ServiceNow Aktie Prognose ServiceNow: Das ist ein seismischer Umbruch

News: Aktuelle Analyse der ServiceNow Aktie

von | |

Nachricht schicken an Tobias Krieg
  • Dieses Feld dient zur Validierung und sollte nicht verändert werden.
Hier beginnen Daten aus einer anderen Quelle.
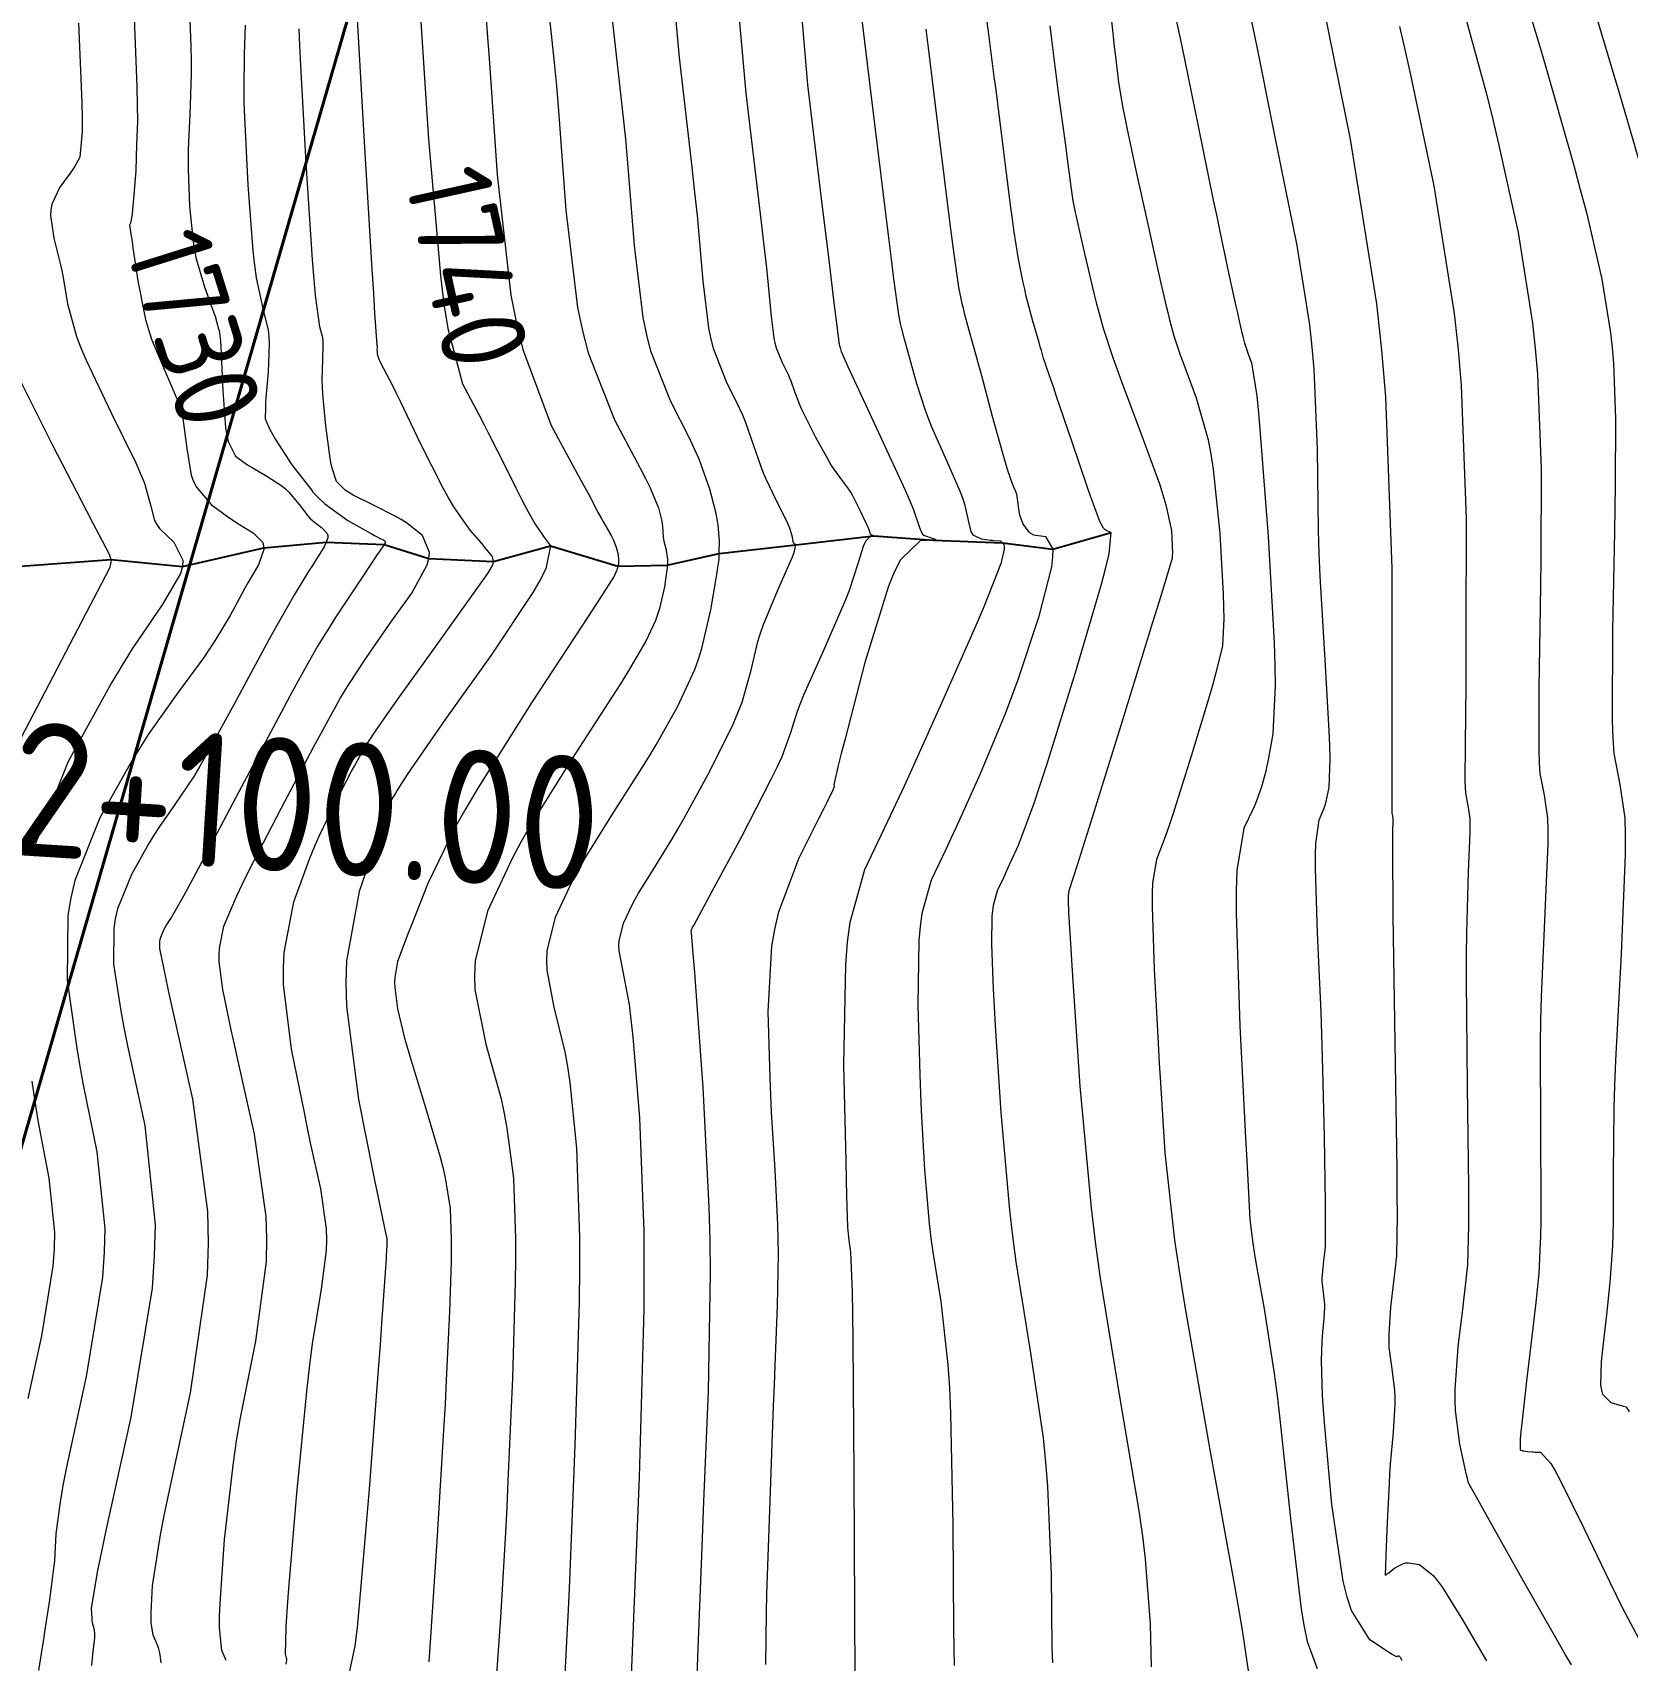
# Model space of a CAD drawing. Header units: millimetres. Extents: x 837475 to 838477, y 1189012 to 1191015.
# Drawn here: x 837784.3 to 837855.7, y 1189321.2 to 1189394.1 of the extents above; entities that cross this region are included whole.
import ezdxf

# ---------------------------------------------------------------- set-up
doc = ezdxf.new("R2010")
doc.units = ezdxf.units.MM
doc.header["$LTSCALE"] = 0.3
doc.layers.add('Abscisado 100m', color=250, linetype='Continuous', lineweight=50)
doc.layers.add('CORREDORVIA', color=94, linetype='Continuous', lineweight=40)
for name, color, linetype, lineweight, true_color in [('COTAS 10', 7, 'Continuous', 9, 0x6e3e2d), ('COTAS INT', 7, 'Continuous', 5, 0x9fa19f), ('Escorrentias', 7, 'Continuous', 25, 0x00a8ad)]:
    doc.layers.add(name, color=color, linetype=linetype, lineweight=lineweight, true_color=true_color)
doc.styles.get("Standard").update_dxf_attribs({"font": 'isocp2.shx', "bigfont": '@extfont2.shx'})

msp = doc.modelspace()

# ---------------------------------------------------------------- linework, layer by layer
at = {"layer": 'CORREDORVIA'}
msp.add_lwpolyline([(838157.033, 1190996.193), (838237.174, 1190821.339), (838237.001, 1190602.875), (838240.031, 1190437.198), (838223.537, 1190366.272), (838184.199, 1189898.277), (837734.304, 1190149.151), (837849.078, 1189569.699), (837751.159, 1189231.384), (837593.191, 1189234.399), (837695.481, 1189679.225), (837660.573, 1189835.358), (837597.737, 1190012.464), (837490.666, 1190492.599), (837964.301, 1190234.408), (838010.155, 1190346.41), (837974.613, 1190516.877), (837969.419, 1190653.334), (837963.574, 1190795.982), (837910.676, 1191000.965)], close=True, dxfattribs=at)
at = {"layer": 'COTAS 10'}
for points in [[(837814.021, 1189319.356), (837814.123, 1189322.123), (837814.269, 1189325.904), (837814.315, 1189327.081), (837814.364, 1189328.315), (837814.559, 1189333.241), (837814.652, 1189338.547), (837814.636, 1189340.021), (837814.602, 1189341.496), (837814.33, 1189346.842), (837814.012, 1189351.164), (837813.949, 1189351.994), (837813.898, 1189352.665), (837813.804, 1189353.767), (837813.792, 1189353.831), (837813.791, 1189353.848), (837813.792, 1189353.864), (837813.806, 1189353.922), (837813.835, 1189353.983), (837813.845, 1189354.002), (837813.856, 1189354.022), (837813.905, 1189354.099), (837814.267, 1189354.761), (837814.476, 1189355.149), (837814.732, 1189355.626), (837816.051, 1189358.086), (837817.378, 1189360.648), (837817.64, 1189361.188), (837817.856, 1189361.655), (837818.254, 1189362.731), (837818.531, 1189363.641), (837818.67, 1189364.002), (837818.837, 1189364.412), (837819.665, 1189366.287), (837820.522, 1189368.232), (837820.707, 1189368.686), (837820.87, 1189369.102), (837821.267, 1189370.298), (837821.503, 1189371.066), (837821.563, 1189371.213), (837821.621, 1189371.332), (837821.813, 1189371.523), (837821.938, 1189371.53), (837821.954, 1189371.533), (837821.962, 1189371.535), (837821.924, 1189371.549), (837821.852, 1189371.573), (837821.837, 1189371.583), (837821.826, 1189371.595), (837821.806, 1189371.648), (837821.737, 1189371.843), (837821.693, 1189371.944), (837821.64, 1189372.065), (837821.361, 1189372.669), (837821.023, 1189373.328), (837820.932, 1189373.483), (837820.843, 1189373.625), (837820.531, 1189374.042), (837820.169, 1189374.538), (837820.048, 1189374.732), (837819.918, 1189374.95), (837819.371, 1189375.94), (837818.859, 1189376.951), (837818.75, 1189377.183), (837818.655, 1189377.394), (837818.431, 1189377.98), (837818.265, 1189378.453), (837818.207, 1189378.592), (837818.144, 1189378.734), (837817.871, 1189379.278), (837817.611, 1189379.939), (837817.555, 1189380.157), (837817.507, 1189380.389), (837817.391, 1189381.349), (837817.174, 1189383.525), (837817.061, 1189384.524), (837816.927, 1189385.694), (837816.252, 1189391.349), (837815.652, 1189398.024)], [(837788.845, 1189395.084), (837788.984, 1189391.639), (837788.999, 1189390.827), (837789.004, 1189390.078), (837788.972, 1189389.053), (837788.935, 1189387.889), (837788.816, 1189386.441), (837788.789, 1189386.159), (837788.764, 1189385.929), (837788.698, 1189385.529), (837788.663, 1189385.463), (837788.658, 1189385.444), (837788.655, 1189385.425), (837788.662, 1189385.355), (837788.73, 1189384.941), (837788.765, 1189384.706), (837788.807, 1189384.418), (837789.021, 1189382.944), (837789.368, 1189381.217), (837789.495, 1189380.77), (837789.635, 1189380.336), (837790.252, 1189378.883), (837790.828, 1189377.526), (837790.942, 1189377.152), (837791.036, 1189376.78), (837791.212, 1189375.446), (837791.41, 1189374.254), (837791.517, 1189373.972), (837791.648, 1189373.711), (837792.314, 1189372.94), (837793.096, 1189372.359), (837793.301, 1189372.217), (837793.501, 1189372.084), (837794.181, 1189371.672), (837794.612, 1189371.235), (837794.655, 1189371.086), (837794.664, 1189370.925), (837794.422, 1189370.241), (837793.949, 1189369.429), (837793.813, 1189369.187), (837793.674, 1189368.937), (837793.155, 1189367.973), (837792.474, 1189366.833), (837792.234, 1189366.472), (837791.972, 1189366.093), (837790.838, 1189364.559), (837789.52, 1189362.683), (837789.142, 1189362.087), (837788.759, 1189361.458), (837787.325, 1189358.91), (837786.207, 1189356.116), (837786.022, 1189355.332), (837785.891, 1189354.543), (837785.869, 1189351.657), (837786.272, 1189348.703), (837786.41, 1189347.872), (837786.559, 1189347.035), (837787.19, 1189343.966), (837787.546, 1189340.535), (837787.521, 1189339.47), (837787.443, 1189338.355), (837786.715, 1189333.913), (837785.851, 1189329.933), (837785.688, 1189329.109), (837785.556, 1189328.406), (837785.354, 1189326.87), (837785.317, 1189325.962), (837785.289, 1189325.655), (837785.254, 1189325.323), (837785.067, 1189323.924), (837784.849, 1189322.491), (837784.795, 1189322.139), (837784.744, 1189321.805), (837784.582, 1189320.76)], [(837801.642, 1189395.244), (837801.844, 1189392.241), (837802.041, 1189389.286), (837802.566, 1189383.182), (837802.726, 1189381.905), (837802.894, 1189380.807), (837803.557, 1189378.335), (837804.286, 1189376.964), (837804.496, 1189376.56), (837804.708, 1189376.146), (837805.505, 1189374.567), (837805.947, 1189373.69), (837806.202, 1189373.181), (837806.353, 1189372.889), (837806.485, 1189372.638), (837806.806, 1189372.063), (837807.034, 1189371.722), (837807.106, 1189371.618), (837807.182, 1189371.509), (837807.49, 1189371.084), (837807.286, 1189370.058), (837807.039, 1189369.571), (837806.71, 1189368.997), (837804.833, 1189366.188), (837802.787, 1189363.312), (837802.352, 1189362.694), (837801.973, 1189362.154), (837801.076, 1189360.848), (837800.63, 1189360.15), (837800.536, 1189359.993), (837800.454, 1189359.852), (837800.262, 1189359.474), (837799.991, 1189358.715), (837799.86, 1189358.333), (837799.704, 1189357.877), (837798.936, 1189355.611), (837798.366, 1189352.51), (837798.335, 1189351.527), (837798.359, 1189350.492), (837798.901, 1189346.305), (837799.634, 1189342.629), (837799.778, 1189341.916), (837799.896, 1189341.335), (837800.108, 1189340.337), (837800.144, 1189340.215), (837800.151, 1189340.186), (837800.158, 1189340.159), (837800.17, 1189340.081), (837800.173, 1189340.002), (837800.173, 1189339.975), (837800.172, 1189339.946), (837800.169, 1189339.82), (837800.152, 1189339.51), (837800.143, 1189339.365), (837800.133, 1189339.193), (837800.081, 1189338.357), (837799.934, 1189336.29), (837799.864, 1189335.342), (837799.781, 1189334.232), (837799.376, 1189328.865), (837798.938, 1189323.674), (837798.834, 1189322.674), (837798.738, 1189321.864), (837798.456, 1189320.519)], [(837829.836, 1189394.358), (837829.912, 1189393.745), (837830.223, 1189391.359), (837830.51, 1189389.233), (837830.57, 1189388.785), (837830.622, 1189388.398), (837830.737, 1189387.505), (837830.795, 1189387.053), (837830.811, 1189386.944), (837830.826, 1189386.841), (837830.876, 1189386.525), (837830.984, 1189385.999), (837831.035, 1189385.764), (837831.096, 1189385.49), (837831.39, 1189384.176), (837831.735, 1189382.71), (837831.827, 1189382.339), (837831.918, 1189381.984), (837832.235, 1189380.828), (837832.681, 1189379.465), (837832.853, 1189378.979), (837833.046, 1189378.446), (837833.921, 1189376.128), (837834.746, 1189373.864), (837834.908, 1189373.364), (837835.041, 1189372.92), (837835.284, 1189371.777), (837835.322, 1189371.111), (837835.326, 1189370.968), (837835.328, 1189370.843), (837835.314, 1189370.542), (837834.943, 1189369.28), (837834.72, 1189368.55), (837834.445, 1189367.654), (837833.018, 1189363.042), (837831.588, 1189358.447), (837831.31, 1189357.562), (837831.085, 1189356.844), (837830.698, 1189355.651), (837830.664, 1189355.44), (837830.661, 1189355.342), (837830.66, 1189355.227), (837830.678, 1189354.667), (837830.777, 1189353.068), (837830.828, 1189352.297), (837830.888, 1189351.385), (837831.19, 1189346.904), (837831.688, 1189341.458), (837831.873, 1189339.937), (837832.078, 1189338.409), (837832.986, 1189332.843), (837833.824, 1189327.899), (837833.985, 1189326.764), (837834.115, 1189325.731), (837834.327, 1189322.843), (837834.373, 1189320.912)], [(837853.199, 1189321.009), (837852.927, 1189321.463), (837852.606, 1189322.01), (837851.043, 1189324.758), (837849.526, 1189327.463), (837849.235, 1189327.982), (837849, 1189328.402), (837848.617, 1189329.09), (837848.6, 1189329.122), (837848.596, 1189329.128), (837848.593, 1189329.133), (837848.582, 1189329.141), (837848.516, 1189329.408), (837848.478, 1189329.577), (837848.431, 1189329.787), (837848.189, 1189330.886), (837847.997, 1189332.385), (837847.982, 1189332.846), (837847.983, 1189333.328), (837848.122, 1189335.234), (837848.336, 1189337.039), (837848.385, 1189337.456), (837848.428, 1189337.838), (837848.545, 1189338.918), (837848.597, 1189340.658), (837848.599, 1189341.456), (837848.596, 1189342.39), (837848.542, 1189346.905), (837848.496, 1189351.666), (837848.498, 1189352.756), (837848.506, 1189353.748), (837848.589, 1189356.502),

Tobias Krieg ist Chefanalyst bei LYNX Broker und Gründer von LongTerm-Value.
Er ist seit mehr als fünfzehn Jahren an der Börse aktiv, davon mehr als eine Dekade als leidenschaftlicher Vollzeit-Investor. Geprägt durch Vorbilder wie Charlie Munger, Peter Lynch und Bill Miller ist Value Investing der Grundsatz und Growth at a reasonable Price der Wahlspruch.
Denn auch gute Unternehmen können schlechte Investments sein. Ein attraktiver Einstiegskurs zum richtigen Zeitpunkt ist absolut entscheidend.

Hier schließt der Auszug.